An online PaperShell brochure shows lawn furniture, for instance, as a potential use. Other references in the company’s website suggest Volvo may be interested. But Cake has been the first company to publicly acknowledge an interest. The plastic-alternative company says it’s quite doable as an environmentally friendly solution to any number of applications currently using plastic.

“A natural fiber composite solution to replace press-molded veneer, plastic details, fiber composites or even press-molded metal. Our solution is based on industry 4.0 production with advantages that enable a highly automated and flexible production.”

PaperShell lists several bullet points about the stuff:

• PaperShell is a natural fiber composite but with the uniqueness of being hydrophobic, UV, weather- and fire-resistant.

• The innovation is based on the same constituents as wood.

• It can achieve many of the same designs and shapes that plastics and press moulded metal sheets can.

• It behaves like a composite, being stronger than plastics and press moulded veneer which enables weight reduction as well as less need for material. PaperShell can therefore replace wood, plastics, fiber composites and in some cases metal sheets in a number of applications in different markets.

• As the amount of bio carbon is very close to 100%, every 1 kg of fossil-based plastics replaced with PaperShell in eg. a chair, will avoid 7.5 kg of fossil-based CO2 being released into the atmosphere end of life.

• It is much more fire-resistant than wood and plastics, avoiding the need for hazardous flame retardants.

• End of life it is recycled in the same fashion as wood in any recycling plant worldwide.

You materials science engineers will want to go to https://papershell.se/material/ to gauge all the mechanical properties, from Tensile Modulus 0 degrees (18) GPa according to ASTM D3039M all the way to Flexural Stiffness 0 degrees 16.8 GPa ASTM D7264. It was above me, that’s for sure, but that doesn’t mean it won’t work. It even has a fire-resistance rating according to STD 104-0001/ ISO 3795.
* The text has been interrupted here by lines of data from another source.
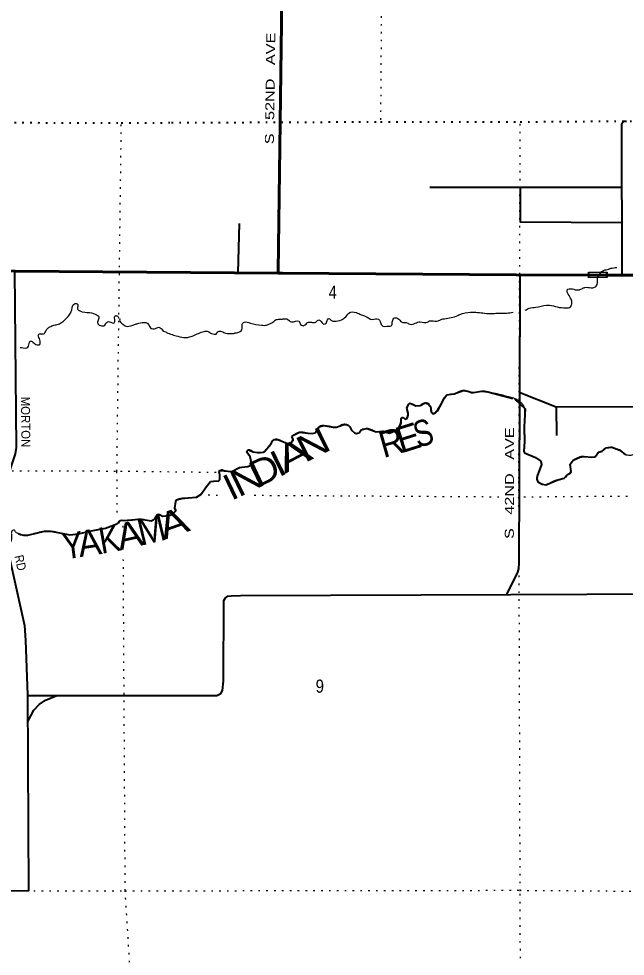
# Model space of a CAD drawing. Header units: feet. Extents: x -6 to 252658, y -374658 to -170635.
# Drawn here: x 103324 to 111442, y -353948 to -341405 of the extents above; entities that cross this region are included whole.
import ezdxf
from ezdxf.enums import TextEntityAlignment as Align

# ---------------------------------------------------------------- set-up
doc = ezdxf.new("R2010")
doc.units = ezdxf.units.FT
doc.header["$LTSCALE"] = 70
doc.linetypes.add('DOT_DASHED', pattern=[7.7, 5, -1.2, 0.3, -1.2])
doc.linetypes.add('DOTTED', pattern=[1.5, 0.3, -1.2])
for name, color, linetype, lineweight in [('26', 7, 'Continuous', 40), ('27', 7, 'Continuous', 13), ('29', 7, 'Continuous', 25), ('30', 7, 'Continuous', 13), ('39', 7, 'Continuous', 13), ('44', 7, 'DOT_DASHED', 13), ('6', 7, 'DOTTED', 25), ('61', 7, 'Continuous', 13), ('7', 7, 'DOTTED', 13)]:
    doc.layers.add(name, color=color, linetype=linetype, lineweight=lineweight)

msp = doc.modelspace()

# ---------------------------------------------------------------- linework, layer by layer
at = {"layer": '26'}
for points in [[(106797.58, -344809.97), (106797.93, -344782.75), (106857.16, -340133.91), (106857.4, -340115.48)], [(106797.58, -344809.97), (102687.32, -344776.14), (102072.04, -344775.36)], [(106797.58, -344809.97), (106852.76, -344810.43), (109982.72, -344833.24), (111199.65, -344833.77), (111436.32, -344833.87), (115352.88, -344834.68), (119314.84, -344795.48), (119367.27, -344794.96)]]:
    msp.add_lwpolyline(points, dxfattribs=at)
at = {"layer": '29'}
for p, q in [((111401.64, -344835.23), (111396.04, -342817.84)), ((108826.13, -343657.08), (111398.37, -343658.89)), ((106273.68, -344144.87), (106257.22, -344805.52)), ((110519.18, -346602.32), (110521.44, -346980.39))]:
    msp.add_line(p, q, dxfattribs=at)
for points in [[(111396.04, -342817.84), (111403.9, -342798.07), (111417.88, -342783), (111429.71, -342777.62), (111456.66, -342774.52)], [(110034.44, -343657.93), (110037.69, -344120.37), (111399.68, -344130.93)], [(103268.82, -344780.93), (103289.59, -347139.49), (103275.01, -347226.71), (103192.99, -347480.13), (103085.97, -347797.97), (103063.77, -347939.98), (103076.25, -348058.2), (103160.8, -348440.94), (103401.29, -349521.33), (103414.66, -349723.17), (103442.77, -350450.93), (103455.19, -353074.23), (97960.61, -353101.17), (95504.28, -353091.43), (95491.37, -354361), (94699.68, -354362.88)], [(110029.82, -344834.42), (110025.17, -346490.05), (110019, -348687.99)], [(112717.94, -344834.14), (112693.07, -345861.16), (112697.73, -345936.57), (112753.86, -346177.73), (112792.28, -346439.18), (112788.78, -346500.24), (112782.33, -346526.06), (112764.04, -346549.67), (112717.81, -346575.56), (112700.6, -346582.01), (112661.89, -346594.92), (112612.45, -346598.16), (110519.18, -346602.32), (110022.91, -346404.8)], [(103443.07, -350458.71), (105977.35, -350457.57), (106026.67, -350433.81), (106050.49, -350394.36), (106064.41, -350266.09), (106068.61, -349189.71), (106092.86, -349150.96), (106121.3, -349129.82), (106167.18, -349125.62), (106290.06, -349122.07), (109909.09, -349109.01), (118043.28, -349074.27), (118050.26, -347726.82), (120708.99, -347688.08), (120701.99, -350420.9), (125869.41, -350412.96), (126242.83, -350007.72)], [(110019, -348687.99), (110011.23, -348759.69), (109999.4, -348809.17), (109851.7, -349109.22)], [(103444.46, -350807.03), (103527.65, -350657.6), (103599.28, -350578.41), (103682.5, -350519.88), (103832.39, -350458.53)]]:
    msp.add_lwpolyline(points, dxfattribs=at)
at = {"layer": '39'}
for points in [[(111069.78, -344873.3), (111152.71, -344771.59), (111221.71, -344754.51), (111231.74, -344750.48), (111307.62, -344735.61), (111329.62, -344733.59)], [(110102.63, -345306.44), (110156.82, -345278.44), (110247.14, -345266.22), (110389.61, -345237.84), (110427.76, -345237.77), (110532.2, -345261.64), (110644.65, -345273.46), (110694.82, -345267.35), (110716.87, -345245.23), (110726.8, -345197.03), (110710.62, -345142.88), (110670.31, -345072.71), (110666.21, -345030.57), (110722.4, -345018.42), (110734.45, -345020.41), (110810.76, -345034.3), (110858.9, -345018.15), (110903.03, -345000), (110985.36, -345003.85), (111031.51, -344997.74), (111051.55, -344981.64), (111069.78, -344873.3)], [(103342.85, -345802.73), (103360.34, -345805.73), (103446.65, -345799.54), (103468.59, -345733.26), (103480.6, -345719.19), (103504.71, -345725.16), (103550.96, -345763.2), (103591.12, -345767.14), (103597.14, -345767.12), (103611.1, -345718.92), (103586.86, -345652.74), (103586.81, -345632.67), (103602.85, -345622.6), (103659.06, -345620.48), (103687.08, -345584.3), (103713.1, -345546.12), (103751.19, -345521.96), (103809.37, -345501.77), (103869.56, -345485.59), (103923.68, -345449.35), (103971.75, -345401.08), (104017.8, -345342.79), (104043.7, -345250.41), (104045.7, -345244.39), (104079.77, -345216.22), (104107.87, -345218.17), (104115.96, -345244.25), (104112.04, -345288.41), (104140.2, -345314.45), (104272.75, -345336.26), (104373.2, -345370.18), (104395.33, -345390.2), (104381.49, -345488.57), (104401.6, -345504.59), (104431.74, -345514.57), (104463.86, -345512.5), (104505.91, -345464.24), (104513.94, -345460.21), (104538.02, -345458.16), (104602.29, -345472.08), (104610.29, -345458.01), (104610.23, -345429.92), (104606.14, -345395.8), (104622.16, -345377.71), (104640.24, -345381.69), (104664.39, -345409.73), (104668.42, -345417.76)], [(104680.47, -345421.75), (104674.49, -345437.82), (104710.73, -345487.92), (104758.98, -345517.93), (104837.26, -345509.74), (104887.41, -345491.59), (104929.54, -345479.45), (105025.88, -345471.24), (105052.01, -345483.23), (105086.27, -345541.36), (105120.42, -345553.34), (105142.51, -345553.29), (105196.66, -345533.11), (105236.88, -345559.13), (105257, -345583.17), (105291.16, -345595.15), (105303.21, -345601.14), (105451.89, -345653.03), (105560.33, -345670.88), (105656.65, -345646.6), (105807.08, -345588.09), (105857.28, -345587.99), (105903.52, -345618.01), (105937.66, -345623.96), (105967.77, -345625.91), (105981.77, -345597.78), (106005.82, -345583.68), (106070.11, -345603.63), (106156.46, -345617.5), (106212.66, -345611.37), (106220.69, -345609.35), (106286.9, -345591.16), (106308.93, -345567.02), (106314.87, -345526.87), (106312.8, -345498.77), (106320.78, -345480.7), (106344.85, -345464.6), (106421.16, -345476.48), (106575.81, -345504.28), (106642.05, -345504.14), (106680.16, -345488.01), (106738.31, -345455.78), (106756.34, -345437.69), (106784.42, -345427.59), (106846.65, -345423.45), (106858.69, -345421.43), (106910.88, -345421.32), (106973.21, -345461.34), (107075.58, -345453.1), (107095.75, -345495.22), (107119.87, -345511.22), (107157.99, -345501.11), (107202.07, -345462.89), (107240.22, -345466.83), (107298.44, -345462.7), (107342.54, -345434.52), (107370.69, -345456.54), (107408.92, -345490.58), (107439, -345478.48), (107456.97, -345432.29), (107477.01, -345416.19), (107485.04, -345418.18), (107509.19, -345444.22), (107545.34, -345452.18), (107643.67, -345431.91), (107685.78, -345407.75), (107741.85, -345343.41), (107838.2, -345335.19), (107908.53, -345367.16), (107968.8, -345387.12), (108053.21, -345429.09), (108137.51, -345422.91), (108151.6, -345436.93), (108171.77, -345481.05), (108181.86, -345507.12), (108278.25, -345516.96), (108310.36, -345512.88), (108318.37, -345504.84), (108320.37, -345498.82), (108326.29, -345452.64), (108358.31, -345406.42), (108398.48, -345414.36), (108446.76, -345462.44), (108531.11, -345476.32), (108543.18, -345486.34), (108613.45, -345486.2), (108677.63, -345461.98), (108695.71, -345461.95), (108796.08, -345463.76), (108830.18, -345445.63), (108846.23, -345445.59), (108938.58, -345445.41), (108978.7, -345427.27), (109020.83, -345419.16), (109199.42, -345374.65), (109229.5, -345360.54), (109371.97, -345332.16)], [(109371.97, -345332.16), (109466.34, -345333.98), (109653.07, -345349.67), (109731.35, -345343.5), (109851.81, -345343.27), (109941.75, -345331.19)], [(109952.71, -346482.55), (109803.99, -346443.22), (109603.14, -346397.46), (109522.82, -346387.58), (109448.58, -346403.78), (109396.38, -346405.89), (109269.85, -346378.04), (109219.69, -346394.2), (109147.48, -346424.44), (109059.17, -346436.66), (109001.11, -346511.03), (108977.15, -346565.27), (108883.06, -346691.9), (108877.05, -346693.92), (108846.89, -346673.91), (108838.71, -346607.7), (108824.61, -346581.63), (108820.57, -346571.6), (108766.3, -346543.61), (108694.11, -346579.88), (108639.91, -346584), (108587.66, -346556.01), (108553.53, -346554.07), (108517.51, -346612.34), (108537.78, -346698.6), (108529.83, -346732.74), (108503.8, -346764.91), (108479.66, -346746.88), (108455.56, -346740.91), (108449.54, -346742.93), (108441.54, -346752.98), (108443.62, -346789.11), (108403.68, -346885.52), (108319.47, -346937.88), (108283.36, -346947.98), (108231.13, -346932.02), (108205.01, -346924.04), (108132.76, -346932.22), (108098.62, -346928.28), (108002.17, -346888.32), (107937.95, -346894.47), (107911.87, -346904.56), (107883.85, -346944.76), (107827.65, -346948.88), (107815.59, -346942.88), (107789.45, -346920.86), (107735.08, -346844.69), (107700.93, -346832.72), (107656.76, -346834.82), (107608.64, -346861), (107552.44, -346871.15), (107413.87, -346845.33), (107349.66, -346861.52), (107283.6, -346947.95), (107213.35, -346952.1), (107131, -346938.21), (107098.87, -346934.26), (107054.74, -346946.39), (106994.59, -346980.63), (106982.56, -346990.69), (106980.57, -347000.74), (106996.7, -347028.8), (106982.74, -347070.98), (106950.66, -347091.11), (106912.51, -347087.17), (106820.07, -347045.2), (106771.86, -347029.24), (106725.72, -347047.4), (106695.72, -347099.64), (106679.69, -347111.71), (106625.64, -347184.08), (106583.53, -347208.25), (106541.38, -347210.34), (106535.36, -347210.35), (106469.09, -347202.46), (106396.76, -347174.5), (106384.72, -347180.55), (106380.77, -347210.66), (106423.07, -347274.8), (106433.21, -347318.93), (106439.32, -347359.06), (106407.27, -347391.24), (106369.15, -347403.36), (106266.79, -347415.6), (106222.69, -347441.78), (106186.59, -347461.93), (106092.22, -347454.08), (106011.91, -347450.23), (105999.9, -347466.31), (106009.98, -347484.35), (106012, -347492.37), (106016.12, -347536.52), (106004.18, -347586.72), (105974.08, -347590.8), (105889.78, -347598.99)], [(110084.56, -347200.5), (110086.6, -347161.43), (110089.77, -347137.61), (110092.95, -347061.38), (110091.36, -346981.97), (110089.77, -346900.97), (110094.54, -346808.86), (110099.3, -346692.92), (110094.54, -346610.33), (109952.71, -346482.55)], [(115374.78, -347299.43), (115330.67, -347327.61), (115304.73, -347401.92), (115284.75, -347448.12), (115280.91, -347530.42), (115272.91, -347544.48), (115214.75, -347570.69), (115192.59, -347532.6), (115160.4, -347502.55), (115132.24, -347478.52), (115086.03, -347458.54), (115021.79, -347462.67), (114995.69, -347458.71), (114889.38, -347505.08), (114805.11, -347525.32), (114777.11, -347573.53), (114763.08, -347587.61), (114708.95, -347615.82), (114666.8, -347623.93), (114640.71, -347623.97), (114628.64, -347615.98), (114598.5, -347601.98), (114542.3, -347610.11), (114502.1, -347582.1), (114427.69, -347524.04), (114391.54, -347514.07), (114359.43, -347526.17), (114279.28, -347592.57), (114116.78, -347647.07), (114010.33, -347621.18), (113978.17, -347603.18), (113945.96, -347565.1), (113937.92, -347557.09), (113867.56, -347511.07), (113835.44, -347511.13), (113823.41, -347519.19), (113799.33, -347523.25), (113685.01, -347575.65), (113672.97, -347579.69), (113608.69, -347559.74), (113548.37, -347515.71), (113516.2, -347495.69), (113439.75, -347413.56), (113375.39, -347361.5), (113329.19, -347349.54), (113285.04, -347353.65), (113272.99, -347351.66), (113240.83, -347333.66), (113146.43, -347315.78), (112991.75, -347267.92), (112905.37, -347241.99), (112837.05, -347210.01), (112782.78, -347182.02), (112680.33, -347150.1), (112610.06, -347144.21), (112541.81, -347150.37), (112481.67, -347190.63), (112445.63, -347236.86), (112389.68, -347355.38), (112339.59, -347405.66), (112331.58, -347411.7), (112239.4, -347492.16), (112219.33, -347494.21), (112195.24, -347498.27), (112165.17, -347516.39), (112095.06, -347586.77), (112030.79, -347572.85), (111960.43, -347526.82), (111916.16, -347480.74), (111904, -347426.57), (111911.98, -347402.48), (111986.01, -347287.93), (111991.99, -347269.86), (111955.7, -347191.66), (111925.56, -347179.67), (111917.52, -347179.68), (111815.22, -347218.02), (111761.02, -347218.13), (111698.74, -347198.18), (111664.54, -347166.13), (111606.26, -347136.14), (111570.15, -347148.25), (111556.16, -347174.37), (111554.24, -347216.52), (111544.25, -347238.62), (111518.17, -347246.69), (111459.93, -347242.8), (111439.85, -347236.82), (111363.43, -347172.74), (111285.07, -347144.79), (111277.03, -347140.8), (111244.91, -347138.85), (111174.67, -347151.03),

“PaperShell is a natural fiber composite that is stronger than plastic but with a significantly lower climate impact: 0.65kg CO2e per functional unit (kg) of material, compared to polypropylene (4.95 kg CO2e) or fiberglass (25.05 kg CO2e),” the company said in a release.

The basic idea that a natural alternative to plastic exists will certainly be intriguing to companies that make anything. Certainly transportation-sector companies like Volvo and Cake project environmentally forward images that would benefit from such a material partnership.

“Cake was founded to inspire towards a zero-emission society, and this naturally involves carefully investigating the best possible materials for use in our electric bikes,” said Stefan Ytterborn, founder and CEO of Cake.“We’re excited to work with PaperShell and hope that we can play a crucial part in finding a material that can minimize or even eradicate the use of conventional plastics in our motorcycles. This is a collaboration that ultimately will benefit the entire vehicle industry and beyond.”

“We are happy to partner with Cake and look forward to further evolving PaperShell into a material that will make the use of plastic a thing of the past,” said Anders Breitholtz, CEO at PaperShell. “We can’t think of a more perfectly challenging testbed for our material than the industry leading electric off-road motorcycle and look forward to developing further PaperShell’s inherent resistance to fluids, UV-radiation, weather and fire.”

Still awaiting word from Volvo about its level of interest in PaperShell.